Première mesure de ce type depuis 2012, la Banque populaire de Chine (PBOC, banque centrale) a annoncé vendredi une baisse des taux de référence sur les dépôts de 0,25 point à 2,75% et de 0,40 point à 5,60% sur les emprunts à un an, effective depuis samedi.
Saluée par les marchés, cette décision inattendue risque toutefois de s'avérer insuffisante à elle seule pour remédier au ralentissement de la deuxième économie mondiale, estiment les analystes.
Certes, "il s'agit d'un changement majeur d'approche, que peu avaient prévu" car la PBOC excluait jusque là toute baisse générale des taux d'intérêt, a relevé Mark Williams, chef économiste pour l'Asie chez Capital Economics.
Le gouvernement lui a préféré cette année des "mesures ciblées" en forme de coups de pouce, notamment des baisses limitées des fonds propres des banques ou, par deux fois, des injections de liquidités dans le système bancaire, pour un total de 769,5 mrd de yuan (121,3 mrd CHF) pour alimenter l'activité.
Mais malgré ces "mini-plans de relance", la progression du produit intérieur brut (PIB) chinois s'est établie officiellement à 7,3% sur juillet-septembre --soit son plus bas niveau depuis le premier trimestre 2009, quand la crise financière mondiale battait son plein--, après une croissance de 7,5% au deuxième trimestre.
L'objectif du gouvernement de parvenir à une croissance 2014 d'"environ 7,5%" semble désormais menacé.
La décision de la banque centrale est ainsi "une mesure claire de l'intensité de l'assouplissement de la politique monétaire et une réponse aux puissants vents contraires nés de la correction du marché immobilier", a jugé la firme de courtage Nomura.
L'économie chinoise est minée par sa bulle immobilière et le ralentissement de ses exportations, tout en étant confrontée à une sévère campagne anti-corruption qui touche plusieurs secteurs et nombre de décideurs.

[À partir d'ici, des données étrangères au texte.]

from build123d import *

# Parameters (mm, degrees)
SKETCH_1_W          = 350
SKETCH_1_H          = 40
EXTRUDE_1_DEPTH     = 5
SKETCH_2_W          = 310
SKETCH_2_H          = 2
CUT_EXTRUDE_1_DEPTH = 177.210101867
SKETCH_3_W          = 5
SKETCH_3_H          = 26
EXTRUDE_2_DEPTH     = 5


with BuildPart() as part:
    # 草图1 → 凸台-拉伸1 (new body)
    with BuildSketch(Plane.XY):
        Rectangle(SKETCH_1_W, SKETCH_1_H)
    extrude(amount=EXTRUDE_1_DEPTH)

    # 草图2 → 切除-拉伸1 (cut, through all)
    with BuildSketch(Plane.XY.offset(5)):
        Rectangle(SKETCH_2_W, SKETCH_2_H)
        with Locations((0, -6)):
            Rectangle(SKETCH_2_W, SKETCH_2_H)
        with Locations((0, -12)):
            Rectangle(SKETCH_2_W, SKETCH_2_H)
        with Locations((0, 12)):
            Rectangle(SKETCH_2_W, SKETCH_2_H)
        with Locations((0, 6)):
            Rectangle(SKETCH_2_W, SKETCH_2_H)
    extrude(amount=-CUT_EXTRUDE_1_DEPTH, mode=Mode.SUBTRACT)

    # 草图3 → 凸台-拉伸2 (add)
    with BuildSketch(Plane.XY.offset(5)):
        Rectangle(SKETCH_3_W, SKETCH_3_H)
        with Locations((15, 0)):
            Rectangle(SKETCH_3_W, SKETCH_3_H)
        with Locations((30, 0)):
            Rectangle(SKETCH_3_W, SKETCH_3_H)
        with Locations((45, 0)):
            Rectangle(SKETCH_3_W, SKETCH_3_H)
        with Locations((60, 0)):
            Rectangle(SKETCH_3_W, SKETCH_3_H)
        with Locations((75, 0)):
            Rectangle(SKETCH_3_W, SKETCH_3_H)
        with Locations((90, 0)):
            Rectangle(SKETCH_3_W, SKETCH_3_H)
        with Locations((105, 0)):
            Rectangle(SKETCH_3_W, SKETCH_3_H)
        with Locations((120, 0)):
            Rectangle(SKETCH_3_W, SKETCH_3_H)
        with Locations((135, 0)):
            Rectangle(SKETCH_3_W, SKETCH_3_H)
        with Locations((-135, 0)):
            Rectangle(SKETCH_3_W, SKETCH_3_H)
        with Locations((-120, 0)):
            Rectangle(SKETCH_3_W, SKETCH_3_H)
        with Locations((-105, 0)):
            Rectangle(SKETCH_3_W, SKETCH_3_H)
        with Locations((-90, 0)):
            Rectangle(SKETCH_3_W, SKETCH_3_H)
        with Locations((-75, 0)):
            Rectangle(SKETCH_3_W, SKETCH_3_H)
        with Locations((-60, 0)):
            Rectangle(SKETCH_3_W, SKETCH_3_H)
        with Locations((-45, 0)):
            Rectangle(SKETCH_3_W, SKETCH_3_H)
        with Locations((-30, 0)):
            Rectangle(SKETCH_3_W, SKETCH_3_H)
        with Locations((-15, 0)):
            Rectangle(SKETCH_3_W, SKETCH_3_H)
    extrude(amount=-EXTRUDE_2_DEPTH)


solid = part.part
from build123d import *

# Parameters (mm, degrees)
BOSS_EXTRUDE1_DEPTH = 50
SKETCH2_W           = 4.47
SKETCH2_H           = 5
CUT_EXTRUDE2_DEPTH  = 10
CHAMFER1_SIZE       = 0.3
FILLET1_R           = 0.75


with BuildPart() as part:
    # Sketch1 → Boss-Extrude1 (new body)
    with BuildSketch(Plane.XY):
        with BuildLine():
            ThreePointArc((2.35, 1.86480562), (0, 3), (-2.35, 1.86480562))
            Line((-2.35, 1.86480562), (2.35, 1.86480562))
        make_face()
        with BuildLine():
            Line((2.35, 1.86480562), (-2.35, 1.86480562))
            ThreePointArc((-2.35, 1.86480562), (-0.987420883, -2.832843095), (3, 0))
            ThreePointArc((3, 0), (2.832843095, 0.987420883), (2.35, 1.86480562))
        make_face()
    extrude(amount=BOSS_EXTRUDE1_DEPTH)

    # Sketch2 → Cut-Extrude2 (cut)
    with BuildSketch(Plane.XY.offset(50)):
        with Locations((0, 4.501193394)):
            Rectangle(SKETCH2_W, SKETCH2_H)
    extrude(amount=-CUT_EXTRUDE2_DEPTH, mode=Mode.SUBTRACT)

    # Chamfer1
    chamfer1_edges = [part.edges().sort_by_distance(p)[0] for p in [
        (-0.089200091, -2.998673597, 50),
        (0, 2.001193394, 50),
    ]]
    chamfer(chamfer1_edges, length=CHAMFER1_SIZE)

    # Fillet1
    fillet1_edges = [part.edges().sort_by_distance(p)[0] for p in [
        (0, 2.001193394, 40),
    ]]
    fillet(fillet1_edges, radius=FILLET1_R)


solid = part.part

"L'économie chinoise est sous le coup de pressions à la baisse depuis le début de l'année", avait averti le Premier ministre Li Keqiang à la veille de l'annonce de la PBOC devant un parterre d'hommes d'affaires acteurs dans l'internet.
UN "SIGNAL FORT"
Le climat accentue en outre la menace de déflation, l'indice des prix à la consommation d'octobre approchant d'un plus bas depuis cinq ans à 1,6%, tandis qu'une série de mesures début novembre destinées à encourager l'accès des investisseurs étrangers au marché boursier national ne recevait qu'un accueil très mitigé.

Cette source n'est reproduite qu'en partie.